# GIVEN RECORDS:
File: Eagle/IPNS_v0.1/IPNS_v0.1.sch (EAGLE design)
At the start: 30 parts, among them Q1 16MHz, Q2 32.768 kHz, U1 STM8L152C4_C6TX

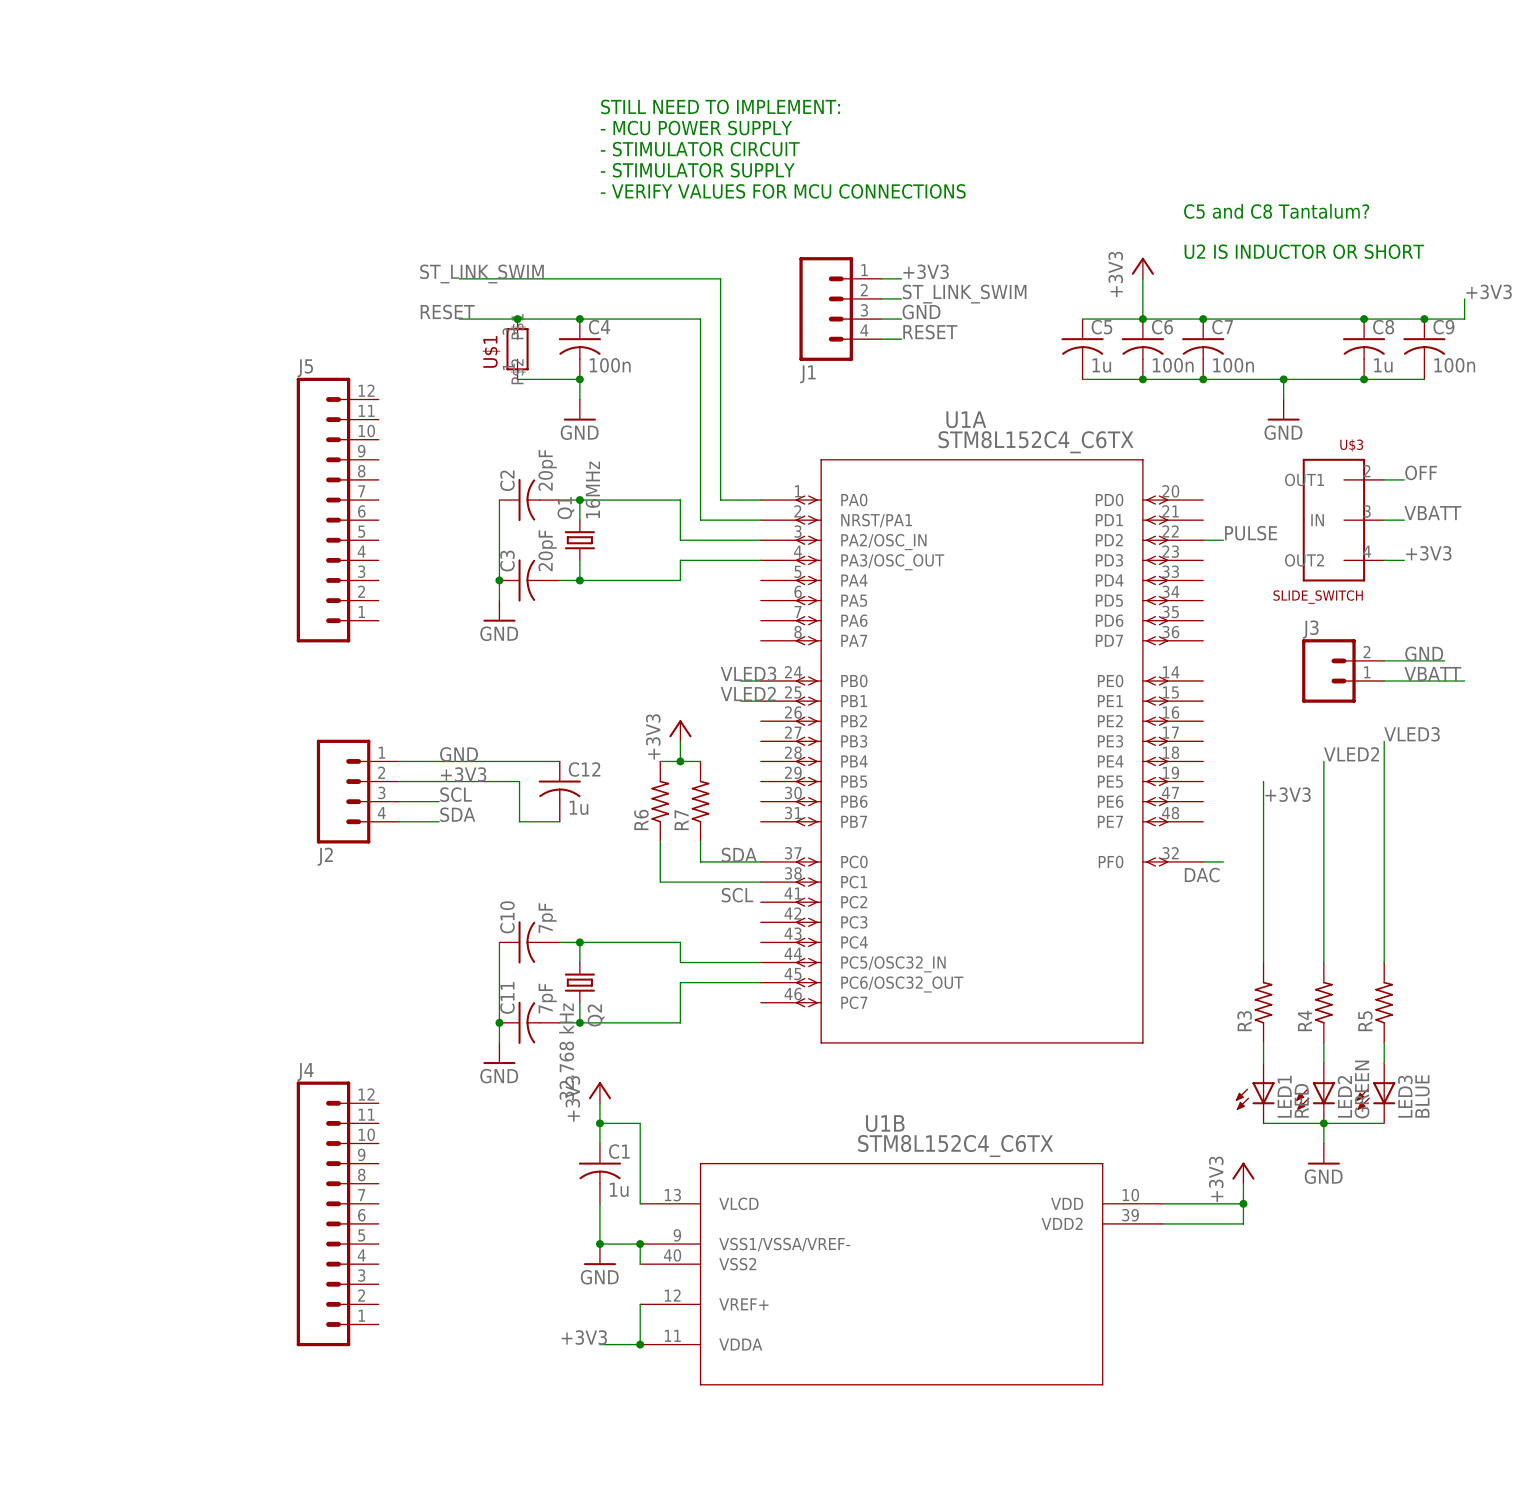
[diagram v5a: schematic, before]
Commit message: Routed Vbatt, Vmcu (3.3V), GND, and PWM and DAC to breakout pins
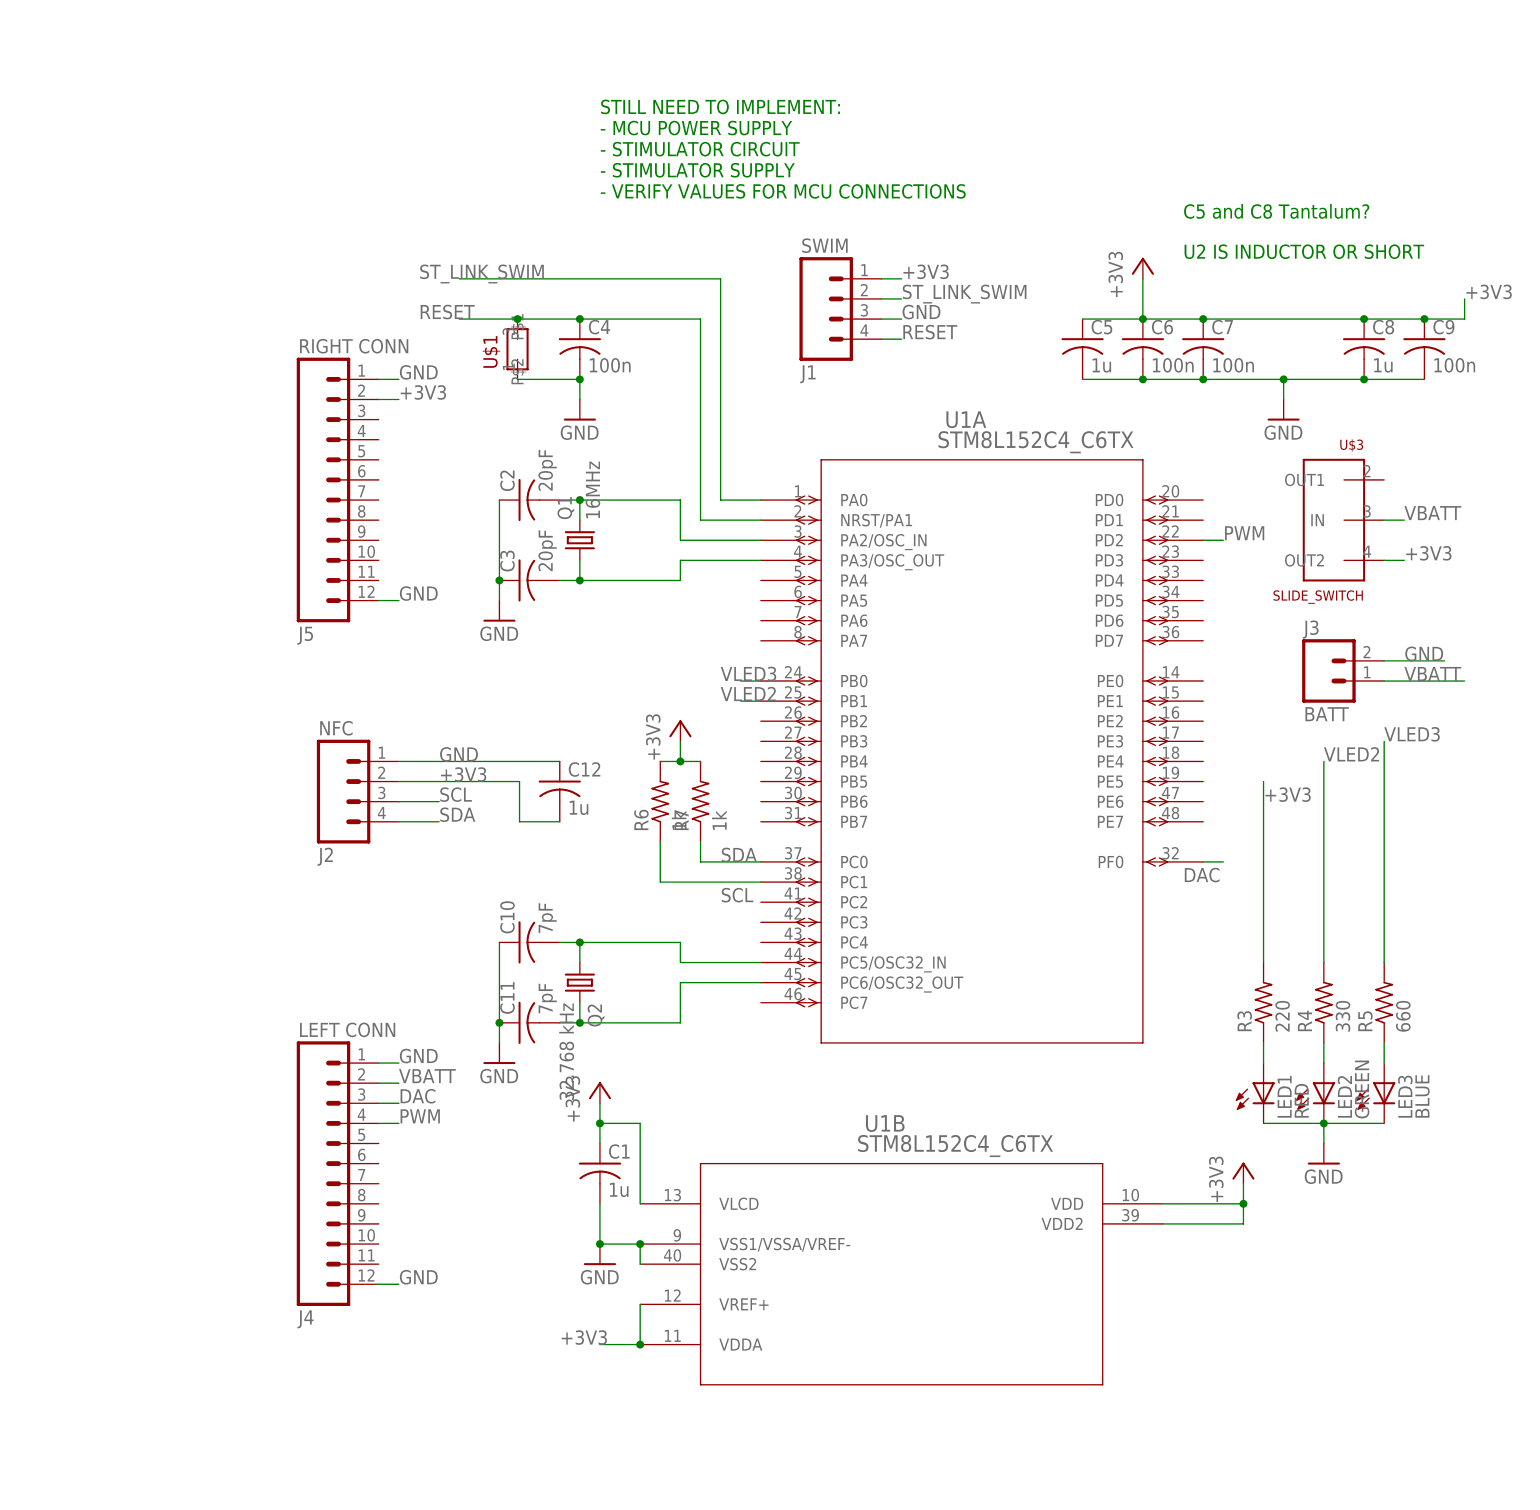
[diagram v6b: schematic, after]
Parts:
- J1: value (none) -> SWIM
- J2: value (none) -> NFC
- J3: value (none) -> BATT
- J4: value (none) -> LEFT CONN
- J5: value (none) -> RIGHT CONN
- R3: value (none) -> 220
- R4: value (none) -> 330
- R5: value (none) -> 660
- R6, R7: value (none) -> 1k
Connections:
- removed net OFF: U$3.OUT1
- removed net PULSE: U1A.PD2
- new net PWM: J4.4, U1A.PD2
- net +3V3: now also J5.2
- net DAC: now also J4.3
- net GND: now also J4.1, J4.12, J5.1, J5.12
- net VBATT: now also J4.2
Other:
- moved on the sheet: J4, J5
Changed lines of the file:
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@@
 <part name="C3" library="IPNS_Lib_v0.1" deviceset="C-US" device="C0805" value="20pF"/>
 <part name="GND2" library="IPNS_Lib_v0.1" deviceset="GND" device=""/>
-<part name="J1" library="IPNS_Lib_v0.1" deviceset="M04" device="PTH"/>
+<part name="J1" library="IPNS_Lib_v0.1" deviceset="M04" device="PTH" value="SWIM"/>
 <part name="U$1" library="IPNS_Lib_v0.1" deviceset="PUSH-BUTTON" device=""/>
 <part name="C4" library="IPNS_Lib_v0.1" deviceset="C-US" device="C0805" value="100n"/>
@@
 <part name="C11" library="IPNS_Lib_v0.1" deviceset="C-US" device="C0805" value="7pF"/>
 <part name="GND5" library="IPNS_Lib_v0.1" deviceset="GND" device=""/>
-<part name="R3" library="IPNS_Lib_v0.1" deviceset="R-US_" device="R0805"/>
-<part name="R4" library="IPNS_Lib_v0.1" deviceset="R-US_" device="R0805"/>
-<part name="R5" library="IPNS_Lib_v0.1" deviceset="R-US_" device="R0805"/>
+<part name="R3" library="IPNS_Lib_v0.1" deviceset="R-US_" device="R0805" value="220"/>
+<part name="R4" library="IPNS_Lib_v0.1" deviceset="R-US_" device="R0805" value="330"/>
+<part name="R5" library="IPNS_Lib_v0.1" deviceset="R-US_" device="R0805" value="660"/>
 <part name="LED1" library="led" deviceset="LED" device="CHIP-LED0805" value="RED"/>
 <part name="LED2" library="led" deviceset="LED" device="CHIP-LED0805" value="GREEN"/>
 <part name="LED3" library="led" deviceset="LED" device="CHIP-LED0805" value="BLUE"/>
 <part name="GND6" library="IPNS_Lib_v0.1" deviceset="GND" device=""/>
-<part name="J2" library="IPNS_Lib_v0.1" deviceset="M04" device="PTH"/>
+<part name="J2" library="IPNS_Lib_v0.1" deviceset="M04" device="PTH" value="NFC"/>
 <part name="C12" library="IPNS_Lib_v0.1" deviceset="C-US" device="C0805" value="1u"/>
-<part name="R6" library="IPNS_Lib_v0.1" deviceset="R-US_" device="R0805"/>
-<part name="R7" library="IPNS_Lib_v0.1" deviceset="R-US_" device="R0805"/>
+<part name="R6" library="IPNS_Lib_v0.1" deviceset="R-US_" device="R0805" value="1k"/>
+<part name="R7" library="IPNS_Lib_v0.1" deviceset="R-US_" device="R0805" value="1k"/>
 <part name="+3V4" library="IPNS_Lib_v0.1" deviceset="+3V3" device=""/>
 <part name="U$3" library="IPNS_Lib_v0.1" deviceset="SLIDE_SWITCH" device=""/>
-<part name="J3" library="IPNS_Lib_v0.1" deviceset="M02" device="PTH"/>
-<part name="J4" library="IPNS_Lib_v0.1" deviceset="M12" device="PTH"/>
-<part name="J5" library="IPNS_Lib_v0.1" deviceset="M12" device="PTH"/>
+<part name="J3" library="IPNS_Lib_v0.1" deviceset="M02" device="PTH" value="BATT"/>
+<part name="J4" library="IPNS_Lib_v0.1" deviceset="M12" device="PTH" value="LEFT CONN"/>
+<part name="J5" library="IPNS_Lib_v0.1" deviceset="M12" device="PTH" value="RIGHT CONN"/>
 </parts>
 <sheets>
@@
 <instance part="U$3" gate="G$1" x="83.82" y="91.44" rot="MR0"/>
 <instance part="J3" gate="G$1" x="83.82" y="71.12"/>
-<instance part="J4" gate="G$1" x="-45.72" y="5.08"/>
-<instance part="J5" gate="G$1" x="-45.72" y="93.98"/>
+<instance part="J4" gate="G$1" x="-45.72" y="7.62" rot="MR180"/>
+<instance part="J5" gate="G$1" x="-45.72" y="93.98" rot="MR180"/>
 </instances>
 <busses>
@@
 <label x="76.2" y="55.88" size="1.778" layer="95"/>
 </segment>
+<segment>
+<pinref part="J5" gate="G$1" pin="2"/>
+<wire x1="-35.56" y1="106.68" x2="-33.02" y2="106.68" width="0.1524" layer="91"/>
+<label x="-33.02" y="106.68" size="1.778" layer="95"/>
+</segment>
 </net>
 <net name="GND" class="0">
@@
 <label x="93.98" y="73.66" size="1.778" layer="95"/>
 </segment>
+<segment>
+<pinref part="J5" gate="G$1" pin="12"/>
+<wire x1="-35.56" y1="81.28" x2="-33.02" y2="81.28" width="0.1524" layer="91"/>
+<label x="-33.02" y="81.28" size="1.778" layer="95"/>
+</segment>
+<segment>
+<pinref part="J4" gate="G$1" pin="12"/>
+<wire x1="-35.56" y1="-5.08" x2="-33.02" y2="-5.08" width="0.1524" layer="91"/>
+<label x="-33.02" y="-5.08" size="1.778" layer="95"/>
+</segment>
+<segment>
+<pinref part="J5" gate="G$1" pin="1"/>
+<wire x1="-35.56" y1="109.22" x2="-33.02" y2="109.22" width="0.1524" layer="91"/>
+<label x="-33.02" y="109.22" size="1.778" layer="95"/>
+</segment>
+<segment>
+<pinref part="J4" gate="G$1" pin="1"/>
+<wire x1="-35.56" y1="22.86" x2="-33.02" y2="22.86" width="0.1524" layer="91"/>
+<label x="-33.02" y="22.86" size="1.778" layer="95"/>
+</segment>
 </net>
 <net name="N$1" class="0">
@@
 <label x="66.04" y="45.72" size="1.778" layer="95"/>
 </segment>
-</net>
-<net name="PULSE" class="0">
-<segment>
-<pinref part="U1" gate="A" pin="PD2"/>
-<wire x1="68.58" y1="88.9" x2="71.12" y2="88.9" width="0.1524" layer="91"/>
-<label x="71.12" y="88.9" size="1.778" layer="95"/>
+<segment>
+<pinref part="J4" gate="G$1" pin="3"/>
+<wire x1="-35.56" y1="17.78" x2="-33.02" y2="17.78" width="0.1524" layer="91"/>
+<label x="-33.02" y="17.78" size="1.778" layer="95"/>
 </segment>
 </net>
@@
 <label x="93.98" y="71.12" size="1.778" layer="95"/>
 </segment>
-</net>
-<net name="OFF" class="0">
-<segment>
-<pinref part="U$3" gate="G$1" pin="OUT1"/>
-<wire x1="91.44" y1="96.52" x2="93.98" y2="96.52" width="0.1524" layer="91"/>
-<label x="93.98" y="96.52" size="1.778" layer="95"/>
+<segment>
+<pinref part="J4" gate="G$1" pin="2"/>
+<wire x1="-35.56" y1="20.32" x2="-33.02" y2="20.32" width="0.1524" layer="91"/>
+<label x="-33.02" y="20.32" size="1.778" layer="95"/>
+</segment>
+</net>
+<net name="PWM" class="0">
+<segment>
+<pinref part="J4" gate="G$1" pin="4"/>
+<wire x1="-35.56" y1="15.24" x2="-33.02" y2="15.24" width="0.1524" layer="91"/>
+<label x="-33.02" y="15.24" size="1.778" layer="95"/>
+</segment>
+<segment>
+<pinref part="U1" gate="A" pin="PD2"/>
+<wire x1="68.58" y1="88.9" x2="71.12" y2="88.9" width="0.1524" layer="91"/>
+<label x="71.12" y="88.9" size="1.778" layer="95"/>
 </segment>
 </net>
@@
 </sheet>
 </sheets>
+<errors>
+</errors>
 </schematic>
 </drawing>

# PROBLEM STATEMENT:
If a line in the listing has "CHIP" in it, report that line.

# SOLUTION TO THE EXERCISE:
 <part name="LED1" library="led" deviceset="LED" device="CHIP-LED0805" value="RED"/>
 <part name="LED2" library="led" deviceset="LED" device="CHIP-LED0805" value="GREEN"/>
 <part name="LED3" library="led" deviceset="LED" device="CHIP-LED0805" value="BLUE"/>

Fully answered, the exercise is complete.